Data for processing:
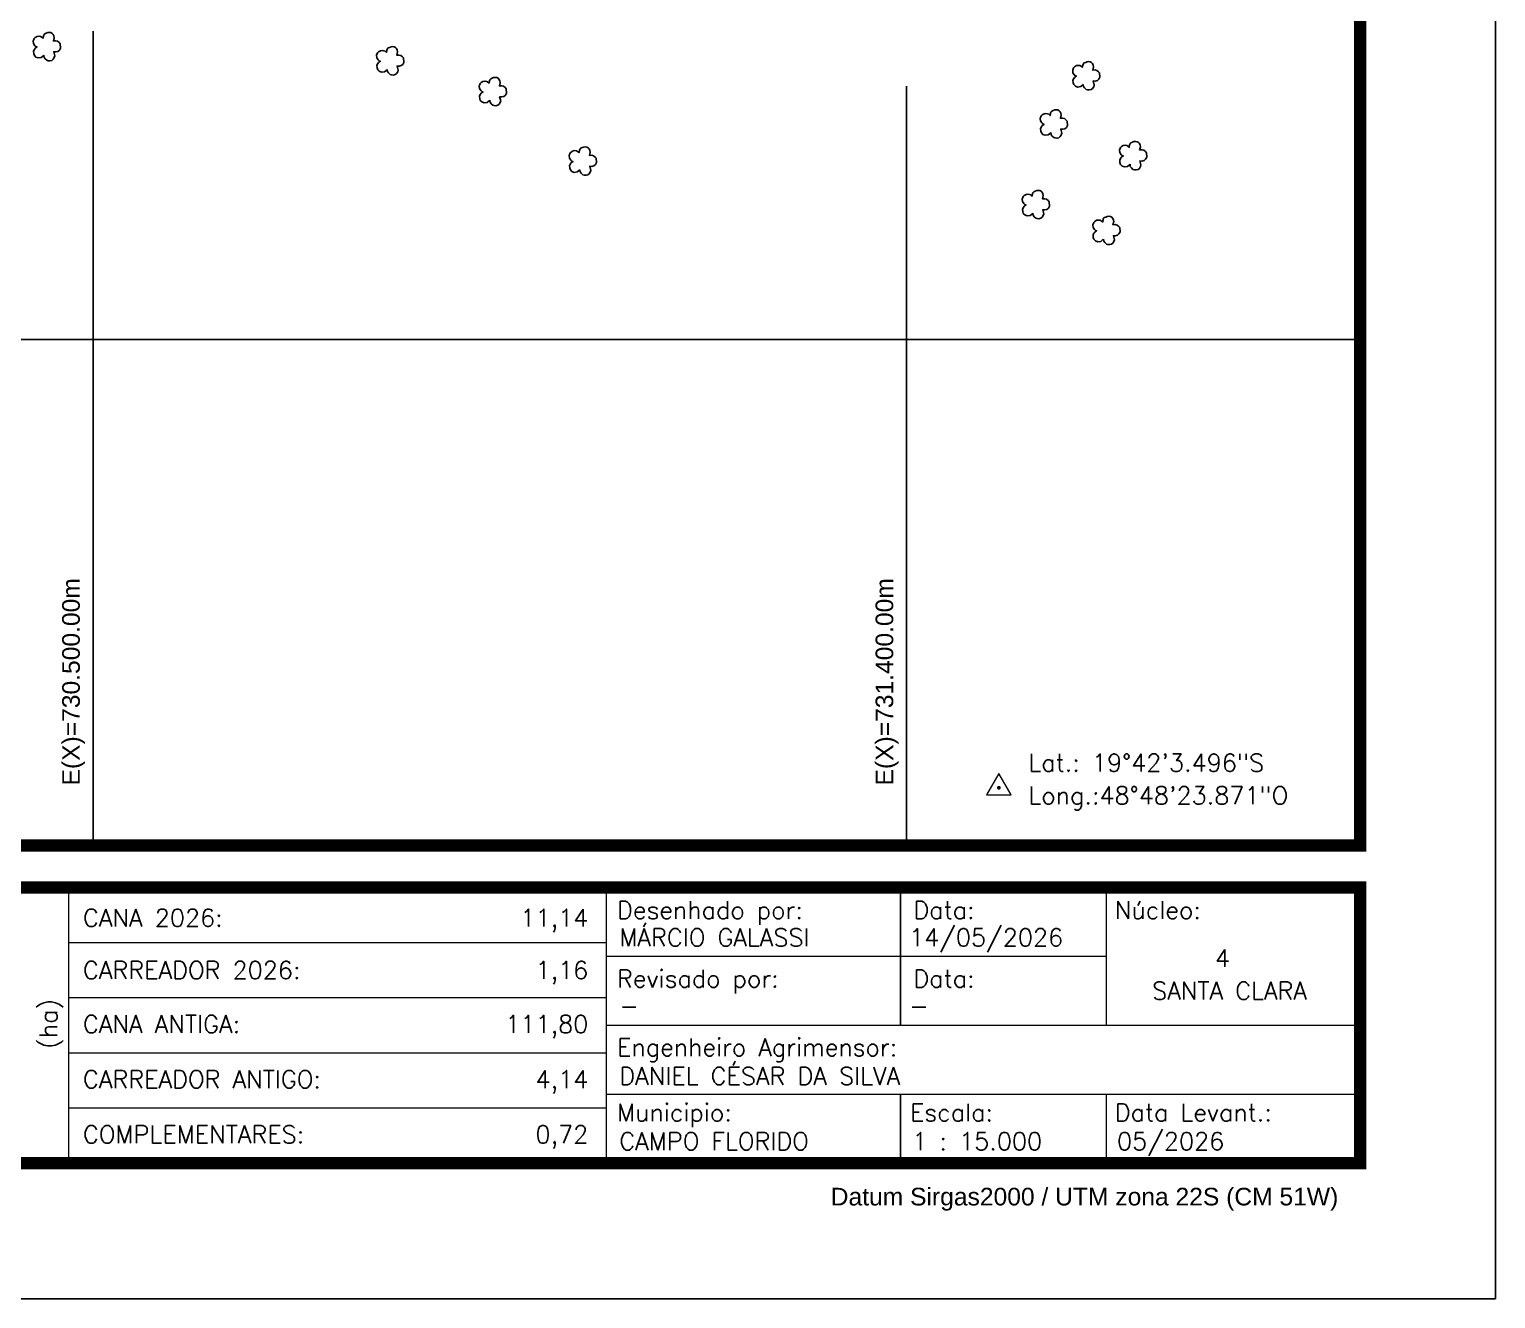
# Model space of a CAD drawing. Extents: x 728902 to 732052, y 7818439 to 7822894.
# Drawn here: x 730429 to 732052, y 7818439 to 7819843 of the extents above; entities that cross this region are included whole.
import ezdxf
from ezdxf.enums import TextEntityAlignment as Align

# ---------------------------------------------------------------- set-up
doc = ezdxf.new("R2010")
doc.units = 0
doc.header["$MEASUREMENT"] = 0
doc.linetypes.add('CONTINUO', pattern=[0])
doc.linetypes.add('LIN0', pattern=[0])
for name, color, linetype in [('MALHA', 8, 'Continuous'), ('MARGEM', 5, 'Continuous'), ('MATO', 3, 'Continuous'), ('TEXTO', 7, 'Continuous')]:
    doc.layers.add(name, color=color, linetype=linetype)
doc.styles.add('marcelo', font='arial.ttf')
doc.styles.add('Simplex', font='simplex.shx')
doc.styles.get("Standard").update_dxf_attribs({"font": 'arial.ttf'})

msp = doc.modelspace()

# ---------------------------------------------------------------- linework, layer by layer
at = {"layer": 'MALHA'}
for points in [[(730500, 7818940.1), (730500, 7819841)], [(731400, 7818940.1), (731400, 7819780.1)], [(731901.9, 7819500), (729051.9, 7819500)]]:
    msp.add_lwpolyline(points, dxfattribs=at)
at = {"layer": 'MARGEM', "color": 174, "linetype": 'LIN0', "flags": 128}
msp.add_lwpolyline([(732051.9, 7818438.5), (732051.9, 7822893.5), (728901.9, 7822893.5), (728901.9, 7818438.5)], close=True, dxfattribs=at)
at = {"layer": 'MARGEM', "color": 174, "linetype": 'LIN0', "const_width": 13.6, "flags": 128}
for points in [[(731901.9, 7818940.1), (731901.9, 7822743.5), (729051.9, 7822743.5), (729051.9, 7818940.1)], [(729051.9, 7818893.5), (731901.9, 7818893.5), (731901.9, 7818588.5), (729051.9, 7818588.5)]]:
    msp.add_lwpolyline(points, close=True, dxfattribs=at)
at = {"layer": 'MARGEM', "color": 174, "linetype": 'LIN0', "const_width": 1.51, "flags": 128}
for points in [[(730473, 7818893.5), (730473, 7818592.3)], [(731068, 7818893.5), (731068, 7818592.3)], [(731393.4, 7818741), (731393.4, 7818893.5)], [(731621, 7818741), (731621, 7818893.5)], [(730473, 7818832.5), (731068, 7818832.5)], [(731068, 7818817.2), (731621, 7818817.2)], [(730473, 7818771.5), (731068, 7818771.5)], [(731068, 7818741), (731902.1, 7818741)], [(730473, 7818710.5), (731068, 7818710.5)], [(731068, 7818664.8), (731902, 7818664.8)], [(731393.4, 7818664.8), (731393.4, 7818589.2)], [(731621, 7818664.8), (731621, 7818589.2)], [(730473, 7818649.5), (731068, 7818649.5)]]:
    msp.add_lwpolyline(points, dxfattribs=at)
at = {"layer": 'MATO', "linetype": 'CONTINUO'}
for points in [[(730445.4, 7819814.2, 0), (730442.7, 7819812, 0), (730439.3, 7819811.6, 0), (730436.8, 7819812.5, 0), (730435.1, 7819814.2, 0), (730434.4, 7819816.2, 0), (730434.2, 7819819.1, 0), (730435.1, 7819820.9, 0), (730436.1, 7819822.3, 0), (730438.1, 7819823.6, 0), (730436.8, 7819824, 0), (730435.6, 7819825, 0), (730434.1, 7819827.3, 0), (730433.8, 7819830.1, 0), (730434.9, 7819833, 0), (730436, 7819834, 0), (730438, 7819835.2, 0), (730440.2, 7819835.5, 0), (730441.9, 7819835.3, 0), (730443.2, 7819834.6, 0), (730444.7, 7819833.3, 0), (730445.1, 7819835.8, 0), (730445.5, 7819836.8, 0), (730446.6, 7819838.2, 0), (730448.2, 7819838.8, 0), (730449.8, 7819839.5, 0), (730451.6, 7819839.7, 0), (730453.3, 7819839.5, 0), (730454.7, 7819838.7, 0), (730455.7, 7819837.6, 0), (730456.6, 7819835.9, 0), (730457, 7819833.9, 0), (730456.2, 7819830.4, 0), (730458.6, 7819830.4, 0), (730460.7, 7819829.9, 0), (730462.6, 7819828.4, 0), (730463.6, 7819827.2, 0), (730463.9, 7819822.3, 0), (730462.7, 7819820.2, 0), (730461.2, 7819818.7, 0), (730458.7, 7819818.1, 0), (730456.5, 7819818.3, 0), (730457.7, 7819813.7, 0), (730457.1, 7819811.8, 0), (730455.8, 7819810, 0), (730454.4, 7819808.8, 0), (730452.3, 7819808.3, 0), (730450.3, 7819808.4, 0), (730448.8, 7819808.9, 0), (730447.1, 7819810.6, 0), (730445.9, 7819812.1, 0), (730445.5, 7819814.5, 0)], [(730825.3, 7819798.5, 0), (730822.6, 7819796.2, 0), (730819.2, 7819795.8, 0), (730816.7, 7819796.8, 0), (730815, 7819798.5, 0), (730814.3, 7819800.5, 0), (730814.1, 7819803.4, 0), (730815, 7819805.2, 0), (730816, 7819806.5, 0), (730818, 7819807.9, 0), (730816.7, 7819808.3, 0), (730815.5, 7819809.3, 0), (730814, 7819811.6, 0), (730813.8, 7819814.4, 0), (730814.8, 7819817.2, 0), (730815.9, 7819818.3, 0), (730817.9, 7819819.5, 0), (730820.1, 7819819.8, 0), (730821.8, 7819819.5, 0), (730823.1, 7819818.9, 0), (730824.6, 7819817.6, 0), (730825, 7819820.1, 0), (730825.4, 7819821.1, 0), (730826.5, 7819822.5, 0), (730828.1, 7819823.1, 0), (730829.7, 7819823.8, 0), (730831.5, 7819824, 0), (730833.2, 7819823.7, 0), (730834.6, 7819823, 0), (730835.6, 7819821.9, 0), (730836.5, 7819820.1, 0), (730836.9, 7819818.2, 0), (730836.1, 7819814.6, 0), (730838.5, 7819814.7, 0), (730840.6, 7819814.2, 0), (730842.5, 7819812.7, 0), (730843.6, 7819811.5, 0), (730843.8, 7819806.6, 0), (730842.7, 7819804.4, 0), (730841.1, 7819803, 0), (730838.6, 7819802.3, 0), (730836.4, 7819802.5, 0), (730837.6, 7819798, 0), (730837.1, 7819796.1, 0), (730835.7, 7819794.2, 0), (730834.3, 7819793.1, 0), (730832.3, 7819792.6, 0), (730830.2, 7819792.7, 0), (730828.7, 7819793.2, 0), (730827, 7819794.9, 0), (730825.8, 7819796.4, 0), (730825.4, 7819798.7, 0)], [(731595.5, 7819782, 0), (731592.8, 7819779.7, 0), (731589.3, 7819779.3, 0), (731586.9, 7819780.3, 0), (731585.1, 7819782, 0), (731584.4, 7819784, 0), (731584.2, 7819786.9, 0), (731585.1, 7819788.7, 0), (731586.1, 7819790, 0), (731588.1, 7819791.4, 0), (731586.9, 7819791.8, 0), (731585.6, 7819792.8, 0), (731584.1, 7819795.1, 0), (731583.9, 7819797.9, 0), (731584.9, 7819800.7, 0), (731586.1, 7819801.7, 0), (731588.1, 7819803, 0), (731590.2, 7819803.3, 0), (731591.9, 7819803, 0), (731593.2, 7819802.4, 0), (731594.7, 7819801.1, 0), (731595.2, 7819803.6, 0), (731595.5, 7819804.6, 0), (731596.6, 7819806, 0), (731598.3, 7819806.6, 0), (731599.9, 7819807.3, 0), (731601.7, 7819807.5, 0), (731603.4, 7819807.2, 0), (731604.7, 7819806.5, 0), (731605.8, 7819805.4, 0), (731606.7, 7819803.6, 0), (731607, 7819801.6, 0), (731606.2, 7819798.1, 0), (731608.7, 7819798.2, 0), (731610.7, 7819797.7, 0), (731612.6, 7819796.2, 0), (731613.7, 7819794.9, 0), (731614, 7819790.1, 0), (731612.8, 7819787.9, 0), (731611.2, 7819786.5, 0), (731608.7, 7819785.8, 0), (731606.6, 7819786, 0), (731607.7, 7819781.5, 0), (731607.2, 7819779.6, 0), (731605.9, 7819777.7, 0), (731604.4, 7819776.6, 0), (731602.4, 7819776.1, 0), (731600.4, 7819776.2, 0), (731598.8, 7819776.6, 0), (731597.1, 7819778.4, 0), (731595.9, 7819779.9, 0), (731595.6, 7819782.2, 0)], [(730938.8, 7819764.5, 0), (730936.1, 7819762.2, 0), (730932.7, 7819761.8, 0), (730930.2, 7819762.8, 0), (730928.5, 7819764.5, 0), (730927.8, 7819766.4, 0), (730927.6, 7819769.3, 0), (730928.5, 7819771.2, 0), (730929.5, 7819772.5, 0), (730931.5, 7819773.9, 0), (730930.2, 7819774.3, 0), (730929, 7819775.3, 0), (730927.5, 7819777.6, 0), (730927.3, 7819780.3, 0), (730928.3, 7819783.2, 0), (730929.4, 7819784.2, 0), (730931.4, 7819785.5, 0), (730933.6, 7819785.8, 0), (730935.3, 7819785.5, 0), (730936.6, 7819784.9, 0), (730938.1, 7819783.6, 0), (730938.5, 7819786.1, 0), (730938.9, 7819787.1, 0), (730940, 7819788.5, 0), (730941.6, 7819789.1, 0), (730943.2, 7819789.8, 0), (730945, 7819790, 0), (730946.7, 7819789.7, 0), (730948.1, 7819789, 0), (730949.1, 7819787.9, 0), (730950, 7819786.1, 0), (730950.4, 7819784.1, 0), (730949.6, 7819780.6, 0), (730952, 7819780.7, 0), (730954.1, 7819780.2, 0), (730956, 7819778.6, 0), (730957.1, 7819777.4, 0), (730957.3, 7819772.6, 0), (730956.2, 7819770.4, 0), (730954.6, 7819769, 0), (730952.1, 7819768.3, 0), (730949.9, 7819768.5, 0), (730951.1, 7819764, 0), (730950.6, 7819762.1, 0), (730949.2, 7819760.2, 0), (730947.8, 7819759.1, 0), (730945.8, 7819758.6, 0), (730943.7, 7819758.7, 0), (730942.2, 7819759.1, 0), (730940.5, 7819760.8, 0), (730939.3, 7819762.4, 0), (730938.9, 7819764.7, 0)], [(731559.6, 7819728.7, 0), (731556.9, 7819726.4, 0), (731553.5, 7819726, 0), (731551, 7819726.9, 0), (731549.3, 7819728.6, 0), (731548.5, 7819730.6, 0), (731548.4, 7819733.5, 0), (731549.3, 7819735.3, 0), (731550.3, 7819736.7, 0), (731552.3, 7819738, 0), (731551, 7819738.4, 0), (731549.8, 7819739.5, 0), (731548.3, 7819741.8, 0), (731548, 7819744.5, 0), (731549.1, 7819747.4, 0), (731550.2, 7819748.4, 0), (731552.2, 7819749.6, 0), (731554.3, 7819749.9, 0), (731556, 7819749.7, 0), (731557.4, 7819749.1, 0), (731558.9, 7819747.7, 0), (731559.3, 7819750.2, 0), (731559.7, 7819751.3, 0), (731560.8, 7819752.6, 0), (731562.4, 7819753.2, 0), (731564, 7819754, 0), (731565.8, 7819754.1, 0), (731567.5, 7819753.9, 0), (731568.9, 7819753.1, 0), (731569.9, 7819752, 0), (731570.8, 7819750.3, 0), (731571.2, 7819748.3, 0), (731570.3, 7819744.8, 0), (731572.8, 7819744.8, 0), (731574.8, 7819744.3, 0), (731576.8, 7819742.8, 0), (731577.8, 7819741.6, 0), (731578.1, 7819736.7, 0), (731576.9, 7819734.6, 0), (731575.4, 7819733.1, 0), (731572.9, 7819732.5, 0), (731570.7, 7819732.7, 0), (731571.9, 7819728.1, 0), (731571.3, 7819726.2, 0), (731570, 7819724.4, 0), (731568.6, 7819723.2, 0), (731566.5, 7819722.7, 0), (731564.5, 7819722.9, 0), (731563, 7819723.3, 0), (731561.2, 7819725, 0), (731560.1, 7819726.5, 0), (731559.7, 7819728.9, 0)], [(731038.5, 7819687.6, 0), (731035.8, 7819685.3, 0), (731032.3, 7819684.9, 0), (731029.9, 7819685.9, 0), (731028.1, 7819687.6, 0), (731027.4, 7819689.6, 0), (731027.2, 7819692.5, 0), (731028.1, 7819694.3, 0), (731029.1, 7819695.6, 0), (731031.1, 7819697, 0), (731029.9, 7819697.4, 0), (731028.6, 7819698.4, 0), (731027.1, 7819700.7, 0), (731026.9, 7819703.5, 0), (731027.9, 7819706.3, 0), (731029, 7819707.4, 0), (731031.1, 7819708.6, 0), (731033.2, 7819708.9, 0), (731034.9, 7819708.6, 0), (731036.2, 7819708, 0), (731037.7, 7819706.7, 0), (731038.1, 7819709.2, 0), (731038.5, 7819710.2, 0), (731039.6, 7819711.6, 0), (731041.3, 7819712.2, 0), (731042.9, 7819712.9, 0), (731044.7, 7819713.1, 0), (731046.4, 7819712.8, 0), (731047.7, 7819712.1, 0), (731048.8, 7819711, 0), (731049.7, 7819709.2, 0), (731050, 7819707.2, 0), (731049.2, 7819703.7, 0), (731051.7, 7819703.8, 0), (731053.7, 7819703.3, 0), (731055.6, 7819701.8, 0), (731056.7, 7819700.5, 0), (731057, 7819695.7, 0), (731055.8, 7819693.5, 0), (731054.2, 7819692.1, 0), (731051.7, 7819691.4, 0), (731049.5, 7819691.6, 0), (731050.7, 7819687.1, 0), (731050.2, 7819685.2, 0), (731048.9, 7819683.3, 0), (731047.4, 7819682.2, 0), (731045.4, 7819681.7, 0), (731043.4, 7819681.8, 0), (731041.8, 7819682.2, 0), (731040.1, 7819684, 0), (731038.9, 7819685.5, 0), (731038.6, 7819687.8, 0)], [(731647.3, 7819693.6, 0), (731644.6, 7819691.3, 0), (731641.1, 7819690.9, 0), (731638.7, 7819691.9, 0), (731636.9, 7819693.6, 0), (731636.2, 7819695.6, 0), (731636, 7819698.5, 0), (731636.9, 7819700.3, 0), (731637.9, 7819701.6, 0), (731639.9, 7819703, 0), (731638.7, 7819703.4, 0), (731637.4, 7819704.4, 0), (731635.9, 7819706.7, 0), (731635.7, 7819709.5, 0), (731636.7, 7819712.3, 0), (731637.8, 7819713.4, 0), (731639.9, 7819714.6, 0), (731642, 7819714.9, 0), (731643.7, 7819714.6, 0), (731645, 7819714, 0), (731646.5, 7819712.7, 0), (731646.9, 7819715.2, 0), (731647.3, 7819716.2, 0), (731648.4, 7819717.6, 0), (731650.1, 7819718.2, 0), (731651.7, 7819718.9, 0), (731653.5, 7819719.1, 0), (731655.2, 7819718.8, 0), (731656.5, 7819718.1, 0), (731657.6, 7819717, 0), (731658.5, 7819715.2, 0), (731658.8, 7819713.3, 0), (731658, 7819709.7, 0), (731660.5, 7819709.8, 0), (731662.5, 7819709.3, 0), (731664.4, 7819707.8, 0), (731665.5, 7819706.5, 0), (731665.8, 7819701.7, 0), (731664.6, 7819699.5, 0), (731663, 7819698.1, 0), (731660.5, 7819697.4, 0), (731658.3, 7819697.6, 0), (731659.5, 7819693.1, 0), (731659, 7819691.2, 0), (731657.7, 7819689.3, 0), (731656.2, 7819688.2, 0), (731654.2, 7819687.7, 0), (731652.2, 7819687.8, 0), (731650.6, 7819688.2, 0), (731648.9, 7819690, 0), (731647.7, 7819691.5, 0), (731647.4, 7819693.8, 0)], [(731539.7, 7819639.5, 0), (731537, 7819637.2, 0), (731533.5, 7819636.8, 0), (731531.1, 7819637.7, 0), (731529.3, 7819639.5, 0), (731528.6, 7819641.4, 0), (731528.4, 7819644.3, 0), (731529.4, 7819646.1, 0), (731530.4, 7819647.5, 0), (731532.3, 7819648.8, 0), (731531.1, 7819649.2, 0), (731529.8, 7819650.3, 0), (731528.4, 7819652.6, 0), (731528.1, 7819655.3, 0), (731529.2, 7819658.2, 0), (731530.3, 7819659.2, 0), (731532.3, 7819660.4, 0), (731534.4, 7819660.7, 0), (731536.1, 7819660.5, 0), (731537.5, 7819659.9, 0), (731538.9, 7819658.5, 0), (731539.4, 7819661.1, 0), (731539.8, 7819662.1, 0), (731540.9, 7819663.5, 0), (731542.5, 7819664.1, 0), (731544.1, 7819664.8, 0), (731545.9, 7819664.9, 0), (731547.6, 7819664.7, 0), (731549, 7819664, 0), (731550, 7819662.8, 0), (731550.9, 7819661.1, 0), (731551.2, 7819659.1, 0), (731550.4, 7819655.6, 0), (731552.9, 7819655.6, 0), (731554.9, 7819655.1, 0), (731556.8, 7819653.6, 0), (731557.9, 7819652.4, 0), (731558.2, 7819647.6, 0), (731557, 7819645.4, 0), (731555.4, 7819643.9, 0), (731553, 7819643.3, 0), (731550.8, 7819643.5, 0), (731551.9, 7819639, 0), (731551.4, 7819637, 0), (731550.1, 7819635.2, 0), (731548.7, 7819634, 0), (731546.6, 7819633.5, 0), (731544.6, 7819633.7, 0), (731543.1, 7819634.1, 0), (731541.3, 7819635.8, 0), (731540.1, 7819637.4, 0), (731539.8, 7819639.7, 0)], [(731617.8, 7819610.8, 0), (731615.1, 7819608.5, 0), (731611.6, 7819608.1, 0), (731609.2, 7819609.1, 0), (731607.4, 7819610.8, 0), (731606.7, 7819612.7, 0), (731606.5, 7819615.6, 0), (731607.5, 7819617.5, 0), (731608.4, 7819618.8, 0), (731610.4, 7819620.2, 0), (731609.2, 7819620.6, 0), (731607.9, 7819621.6, 0), (731606.5, 7819623.9, 0), (731606.2, 7819626.7, 0), (731607.3, 7819629.5, 0), (731608.4, 7819630.5, 0), (731610.4, 7819631.8, 0), (731612.5, 7819632.1, 0), (731614.2, 7819631.8, 0), (731615.6, 7819631.2, 0), (731617, 7819629.9, 0), (731617.5, 7819632.4, 0), (731617.8, 7819633.4, 0), (731618.9, 7819634.8, 0), (731620.6, 7819635.4, 0), (731622.2, 7819636.1, 0), (731624, 7819636.3, 0), (731625.7, 7819636, 0), (731627.1, 7819635.3, 0), (731628.1, 7819634.2, 0), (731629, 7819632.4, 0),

What you need to do:
Leaving out every picture, repeat exactly the lines of the records from the start through the line that has "for name, color, linetype".

Completed exercise:
# Model space of a CAD drawing. Extents: x 728902 to 732052, y 7818439 to 7822894.
# Drawn here: x 730429 to 732052, y 7818439 to 7819843 of the extents above; entities that cross this region are included whole.
import ezdxf
from ezdxf.enums import TextEntityAlignment as Align

# ---------------------------------------------------------------- set-up
doc = ezdxf.new("R2010")
doc.units = 0
doc.header["$MEASUREMENT"] = 0
doc.linetypes.add('CONTINUO', pattern=[0])
doc.linetypes.add('LIN0', pattern=[0])
for name, color, linetype in [('MALHA', 8, 'Continuous'), ('MARGEM', 5, 'Continuous'), ('MATO', 3, 'Continuous'), ('TEXTO', 7, 'Continuous')]:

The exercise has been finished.